Ari Magalhães: why you should invest (or increase your investment) in patents?

The Forgotten P

By Ari Magalhães

Who never heard about the Peter Druker’s 4 Ps of Marketing?

Just in case you were hiding inside an Afghan cave for the last decades, here they are: place, price, promotion and product.

In short, what Druker and other marketing scholars say is that in order to achieve success on sales, you must have a good product, an affordable price, great advertisement and great distribution. All of this is true. No one in the right mind would deny that those four "P" mean a lot when it comes to increasing the sales of a product.

A lot has been written about this subject and some authors even say there are in fact seven Ps of Marketing, adding to the Druker's list three other Ps: "people", "performance" and "physical environment".

What seems to be unprecedented or at least very seldomly seen, is the inclusion of the patent "P" among the other Ps.

For sure, your product will never sell unless it has an affordable price, a good distribution means, good advertisement, and of course, unless it aggregates some value to whoever acquires it. No entrepreneur should ignore the 4 Ps.

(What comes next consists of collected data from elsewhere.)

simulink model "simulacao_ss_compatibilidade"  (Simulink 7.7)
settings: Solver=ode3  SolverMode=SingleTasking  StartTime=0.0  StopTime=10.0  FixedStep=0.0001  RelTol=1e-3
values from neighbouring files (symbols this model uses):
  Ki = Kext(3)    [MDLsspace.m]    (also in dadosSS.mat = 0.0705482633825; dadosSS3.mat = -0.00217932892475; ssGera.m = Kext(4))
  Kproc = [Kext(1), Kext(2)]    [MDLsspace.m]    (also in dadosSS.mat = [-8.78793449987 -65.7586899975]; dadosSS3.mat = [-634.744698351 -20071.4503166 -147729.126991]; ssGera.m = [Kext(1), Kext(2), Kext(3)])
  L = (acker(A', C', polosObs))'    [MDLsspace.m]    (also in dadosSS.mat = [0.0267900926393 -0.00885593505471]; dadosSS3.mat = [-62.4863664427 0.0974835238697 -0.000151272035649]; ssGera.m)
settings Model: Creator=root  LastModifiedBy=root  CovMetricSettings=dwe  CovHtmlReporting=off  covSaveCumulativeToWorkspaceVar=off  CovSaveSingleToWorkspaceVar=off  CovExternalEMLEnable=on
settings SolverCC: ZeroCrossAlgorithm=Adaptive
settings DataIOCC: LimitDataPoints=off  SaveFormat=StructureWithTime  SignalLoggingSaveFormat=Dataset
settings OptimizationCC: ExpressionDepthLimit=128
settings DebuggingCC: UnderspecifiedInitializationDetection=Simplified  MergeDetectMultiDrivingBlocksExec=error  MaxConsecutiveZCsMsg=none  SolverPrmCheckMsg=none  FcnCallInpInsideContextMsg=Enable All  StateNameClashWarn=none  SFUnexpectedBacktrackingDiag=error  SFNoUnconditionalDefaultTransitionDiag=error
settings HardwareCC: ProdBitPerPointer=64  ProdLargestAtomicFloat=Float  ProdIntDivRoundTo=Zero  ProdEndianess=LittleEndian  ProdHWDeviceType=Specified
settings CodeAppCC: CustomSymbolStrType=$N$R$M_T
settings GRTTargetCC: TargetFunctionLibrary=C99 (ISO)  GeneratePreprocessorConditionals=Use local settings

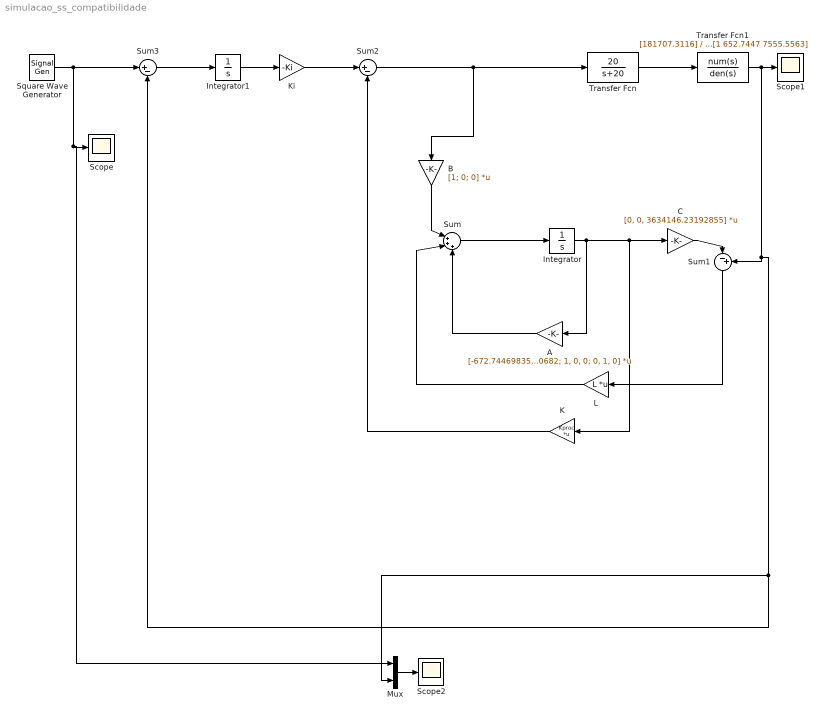
== system simulacao_ss_compatibilidade ==
  A : Gain  Gain="[-672.744698351479,  -20610.4503165634, -151111.126990682; 1, 0, 0; 0, 1, 0]"  Multiplication=Matrix(K*u)
  B : Gain  Gain=[1; 0; 0]  Multiplication=Matrix(K*u)
  C : Gain  Gain=[0, 0, 3634146.23192855]  Multiplication=Matrix(K*u)
  Integrator : Integrator
  Integrator1 : Integrator
  K : Gain  Gain=Kproc  Multiplication=Matrix(K*u)
  Ki : Gain  Gain=-Ki
  L : Gain  Gain=L  Multiplication=Matrix(K*u)
  Mux : Mux  Inputs=2
  Scope : Scope
      settings: TimeRange=auto  MaxDataPoints=5000  SaveToWorkspace=off  SaveName=ScopeData  YMin=-56.25  YMax=56.25  SampleTime=-1
  Scope1 : Scope
      settings: TimeRange=auto  MaxDataPoints=5000  SaveToWorkspace=off  YMin=-56.25  YMax=56.25  SampleTime=-1
  Scope2 : Scope
      settings: TimeRange=auto  MaxDataPoints=5000  SaveToWorkspace=off  YMin=-56.25  YMax=56.25  SampleTime=-1
  Square Wave Generator : SignalGenerator  WaveForm=square  Amplitude=45  Units=rad/sec
  Sum : Sum  Inputs=|+++
  Sum1 : Sum  Inputs=|-+
  Sum2 : Sum  Inputs=|+-
  Sum3 : Sum  Inputs=|+-
  Transfer Fcn : TransferFcn  Numerator=[20]  Denominator=[1, 20]
  Transfer Fcn1 : TransferFcn  Numerator=[181707.3116]  Denominator=[1 652.7447 7555.5563]
  wires:
  Sum2/1 -> B/1, Transfer Fcn/1
  Sum/1 -> Integrator/1
  Integrator/1 -> K/1, C/1, A/1
  A/1 -> Sum/3
  C/1 -> Sum1/1
  B/1 -> Sum/1
  Sum1/1 -> L/1
  L/1 -> Sum/2
  K/1 -> Sum2/2
  Integrator1/1 -> Ki/1
  Ki/1 -> Sum2/1
  Transfer Fcn1/1 -> Scope1/1, Mux/2, Sum3/2, Sum1/2
  Sum3/1 -> Integrator1/1
  Square Wave Generator/1 -> Mux/1, Scope/1, Sum3/1
  Transfer Fcn/1 -> Transfer Fcn1/1
  Mux/1 -> Scope2/1

But when it comes to targeting the market share, when we are talking about increasing your slice of the pie, the four Druker’s Ps may do nothing but tickles on the competition’s slices. Think about that:

  • 10.000,00 USD invested in advertisement may buy you a small add on a internet blog or a local newspaper;

  • the same figure invested in distribution may take your product to another town or may allow you to display your goods on the best shelfs of the local supermarket for a couple of weeks;

  • investing the same sum of money to buy a better machine to manufacture your product's parts may make you able to deliver a better product to the market which in turn may also get you another tiny fraction of the market;

  • diminishing ten grand out of your current profit margin - to decrease the price of your goods and increase your sales - may increment the number of consumers for a while, but you really should not expect winning the game just by doing so;

The only tool we have at our disposal that is capable of leading us to a 100% market share of a product is a patent. For the same amount of money mentioned above, 10.000,00 USD, your company is able to obtain a patent application roughly anywhere in the world.

Someone might say that in order to obtain a patent we need a high qualified engineering team to work on the innovation and R&D. Another concern is that we also need to face a huge bureaucracy, a lot of paperwork and so forth in order to get this document granted.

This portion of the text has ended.